In this project, students will combine in vivo two-photon imaging with post-mortem expansion microscopy and super-resolution STED imaging to link structural, functional, and molecular information at single-synapse resolution. Specifically, cortical dendrites in live mouse cortex will first be imaged with the 2P microscope. After perfusion and fixation, the same dendrites will be re-identified in the fixed brain tissue.

Students will use a state-of-the-art genetically encoded glutamate sensor (iGluSnFR) together with an optimized two-photon microscope for longitudinal imaging. The goal is to directly visualize glutamate release events at individual synapses in awake, behaving animals. This project aims to build a complete “activity history” of individual synapses over the course of learning.

Students in this project will get hands-on experience operating a light-sheet microscope to image large volumes — either whole cleared mouse brains or living zebrafish. With live imaging in fish, we will capture neuronal activity, immune cell migration, and other fluorescently labeled biological dynamics within intact organisms. Students will also learn data analysis workflows for large 3D datasets.

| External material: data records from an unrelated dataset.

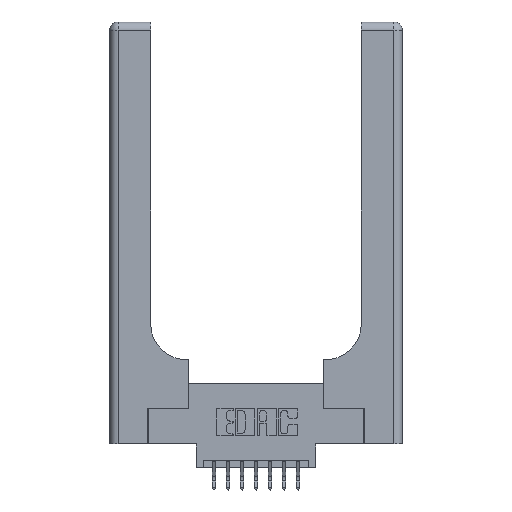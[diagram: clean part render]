
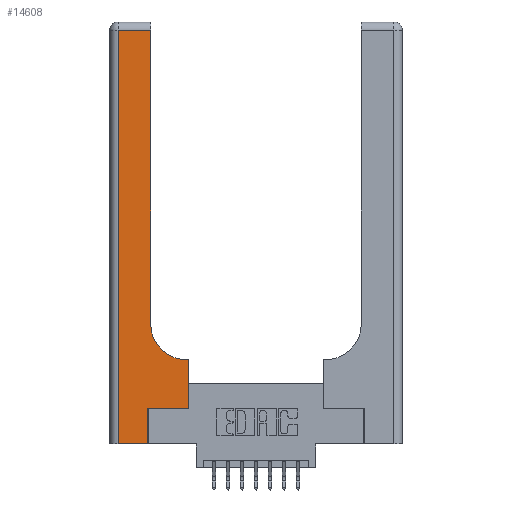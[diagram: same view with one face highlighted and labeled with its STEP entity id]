
A CAD part, top view. The second image highlights one B-rep face of the part: STEP entity #14608.
In plain terms, the highlighted planar face has unit normal (0, 0, 1).
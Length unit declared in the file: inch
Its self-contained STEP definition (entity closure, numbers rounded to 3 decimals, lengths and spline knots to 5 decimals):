
#37 = EDGE_CURVE ( 'NONE', #8700, #1182, #14993, .T. ) ;
#38 = VERTEX_POINT ( 'NONE', #12495 ) ;
#156 = CARTESIAN_POINT ( 'NONE',  ( 0.269, 0.25, 0.37 ) ) ;
#158 = EDGE_CURVE ( 'NONE', #1066, #38, #10402, .T. ) ;
#264 = ORIENTED_EDGE ( 'NONE', *, *, #37, .T. ) ;
#386 = LINE ( 'NONE', #1402, #6671 ) ;
#405 = PLANE ( 'NONE',  #8475 ) ;
#440 = ORIENTED_EDGE ( 'NONE', *, *, #13828, .T. ) ;
#634 = VERTEX_POINT ( 'NONE', #9600 ) ;
#651 = EDGE_CURVE ( 'NONE', #38, #14979, #8319, .T. ) ;
#1035 = CARTESIAN_POINT ( 'NONE',  ( 0.5415, 0.6, 0.37 ) ) ;
#1066 = VERTEX_POINT ( 'NONE', #1035 ) ;
#1130 = VERTEX_POINT ( 'NONE', #156 ) ;
#1182 = VERTEX_POINT ( 'NONE', #6843 ) ;
#1402 = CARTESIAN_POINT ( 'NONE',  ( 0., 0., 0.37 ) ) ;
#1414 = VECTOR ( 'NONE', #11049, 39.37008 ) ;
#2871 = CARTESIAN_POINT ( 'NONE',  ( 0.269, 0., 0.37 ) ) ;
#3585 = VERTEX_POINT ( 'NONE', #14815 ) ;
#4226 = DIRECTION ( 'NONE',  ( -1., 0., 0. ) ) ;
#5340 = CARTESIAN_POINT ( 'NONE',  ( 0., 2.94, 0.37 ) ) ;
#5437 = ORIENTED_EDGE ( 'NONE', *, *, #11796, .T. ) ;
#5647 = LINE ( 'NONE', #6194, #11665 ) ;
#5822 = EDGE_CURVE ( 'NONE', #1182, #1066, #13095, .T. ) ;
#5985 = CARTESIAN_POINT ( 'NONE',  ( 0.2915, 2.94, 0.37 ) ) ;
#6117 = CARTESIAN_POINT ( 'NONE',  ( 0.2915, 0.6, 0.37 ) ) ;
#6194 = CARTESIAN_POINT ( 'NONE',  ( 0.269, 0.25, 0.37 ) ) ;
#6356 = VECTOR ( 'NONE', #13289, 39.37008 ) ;
#6645 = VERTEX_POINT ( 'NONE', #2871 ) ;
#6671 = VECTOR ( 'NONE', #7574, 39.37008 ) ;
#6843 = CARTESIAN_POINT ( 'NONE',  ( 0.5585, 0.6, 0.37 ) ) ;
#7036 = AXIS2_PLACEMENT_3D ( 'NONE', #7396, #7360, #7340 ) ;
#7113 = ORIENTED_EDGE ( 'NONE', *, *, #14543, .T. ) ;
#7340 = DIRECTION ( 'NONE',  ( 1., 0., 0. ) ) ;
#7360 = DIRECTION ( 'NONE',  ( 0., 0., -1. ) ) ;
#7396 = CARTESIAN_POINT ( 'NONE',  ( 0.5415, 0.85, 0.37 ) ) ;
#7431 = DIRECTION ( 'NONE',  ( 1., 0., 0. ) ) ;
#7574 = DIRECTION ( 'NONE',  ( 1., 0., 0. ) ) ;
#7608 = LINE ( 'NONE', #9876, #1414 ) ;
#7615 = DIRECTION ( 'NONE',  ( 0., -1., 0. ) ) ;
#8239 = EDGE_CURVE ( 'NONE', #634, #6645, #386, .T. ) ;
#8319 = LINE ( 'NONE', #9380, #14255 ) ;
#8475 = AXIS2_PLACEMENT_3D ( 'NONE', #13807, #11489, #4226 ) ;
#8700 = VERTEX_POINT ( 'NONE', #11124 ) ;
#9344 = DIRECTION ( 'NONE',  ( 0., 1., 0. ) ) ;
#9380 = CARTESIAN_POINT ( 'NONE',  ( 0.2915, 3., 0.37 ) ) ;
#9600 = CARTESIAN_POINT ( 'NONE',  ( 0.06, 0., 0.37 ) ) ;
#9708 = ORIENTED_EDGE ( 'NONE', *, *, #158, .T. ) ;
#9876 = CARTESIAN_POINT ( 'NONE',  ( 0.269, 0., 0.37 ) ) ;
#10207 = DIRECTION ( 'NONE',  ( -1., 0., 0. ) ) ;
#10350 = FACE_OUTER_BOUND ( 'NONE', #14286, .T. ) ;
#10402 = CIRCLE ( 'NONE', #7036, 0.25 ) ;
#10419 = ORIENTED_EDGE ( 'NONE', *, *, #651, .T. ) ;
#10641 = ORIENTED_EDGE ( 'NONE', *, *, #14453, .T. ) ;
#10727 = LINE ( 'NONE', #5340, #13850 ) ;
#11049 = DIRECTION ( 'NONE',  ( 0., 1., 0. ) ) ;
#11124 = CARTESIAN_POINT ( 'NONE',  ( 0.5585, 0.25, 0.37 ) ) ;
#11489 = DIRECTION ( 'NONE',  ( 0., 0., -1. ) ) ;
#11665 = VECTOR ( 'NONE', #7431, 39.37008 ) ;
#11796 = EDGE_CURVE ( 'NONE', #6645, #1130, #7608, .T. ) ;
#12372 = CARTESIAN_POINT ( 'NONE',  ( 0.06, 3., 0.37 ) ) ;
#12495 = CARTESIAN_POINT ( 'NONE',  ( 0.2915, 0.85, 0.37 ) ) ;
#12645 = DIRECTION ( 'NONE',  ( 0., 1., 0. ) ) ;
#13053 = ORIENTED_EDGE ( 'NONE', *, *, #8239, .T. ) ;
#13095 = LINE ( 'NONE', #6117, #6356 ) ;
#13289 = DIRECTION ( 'NONE',  ( -1., 0., 0. ) ) ;
#13732 = CARTESIAN_POINT ( 'NONE',  ( 0.5585, 0.25, 0.37 ) ) ;
#13807 = CARTESIAN_POINT ( 'NONE',  ( 0., 3., 0.37 ) ) ;
#13828 = EDGE_CURVE ( 'NONE', #1130, #8700, #5647, .T. ) ;
#13850 = VECTOR ( 'NONE', #10207, 39.37008 ) ;
#14028 = ORIENTED_EDGE ( 'NONE', *, *, #5822, .T. ) ;
#14255 = VECTOR ( 'NONE', #9344, 39.37008 ) ;
#14286 = EDGE_LOOP ( 'NONE', ( #10419, #7113, #10641, #13053, #5437, #440, #264, #14028, #9708 ) ) ;
#14453 = EDGE_CURVE ( 'NONE', #3585, #634, #15309, .T. ) ;
#14543 = EDGE_CURVE ( 'NONE', #14979, #3585, #10727, .T. ) ;
#14608 = ADVANCED_FACE ( 'NONE', ( #10350 ), #405, .F. ) ;
#14627 = VECTOR ( 'NONE', #12645, 39.37008 ) ;
#14815 = CARTESIAN_POINT ( 'NONE',  ( 0.06, 2.94, 0.37 ) ) ;
#14945 = VECTOR ( 'NONE', #7615, 39.37008 ) ;
#14979 = VERTEX_POINT ( 'NONE', #5985 ) ;
#14993 = LINE ( 'NONE', #13732, #14627 ) ;
#15309 = LINE ( 'NONE', #12372, #14945 ) ;

Students will learn how to perform in vivo imaging using a head-mounted “mini2P” microscope combined with FLIM. They will record neuronal activation or neuromodulation signals using fluorescent biosensors in behaving animals. The project will cover not only acquisition but also analysis of FLIM data. This training gives students experience with cutting-edge functional imaging.

Students will first image cortical neurons to identify those that respond to given sensory stimuli. Then, by targeted two-photon photostimulation of those identified neurons, they will attempt to activate defined ensembles. Simultaneously, calcium imaging will be used to monitor responses in downstream “follower” neurons, enabling investigation of circuit connectivity.

Students will use a mesoscale intravital fluorescence microscope to capture neural activity across broad brain regions in awake mice. The goal is to record population-level neuronal responses at single-cell resolution across extended cortical regions in response to diverse visual stimuli.

This project introduces students to a complete experimental workflow linking neural activity in the medial prefrontal cortex (mPFC) to freely moving mouse behavior. Students will acquire high-quality 3D video recordings of mice during tasks, analyze their movement, and explore how to integrate behavioral and neural data.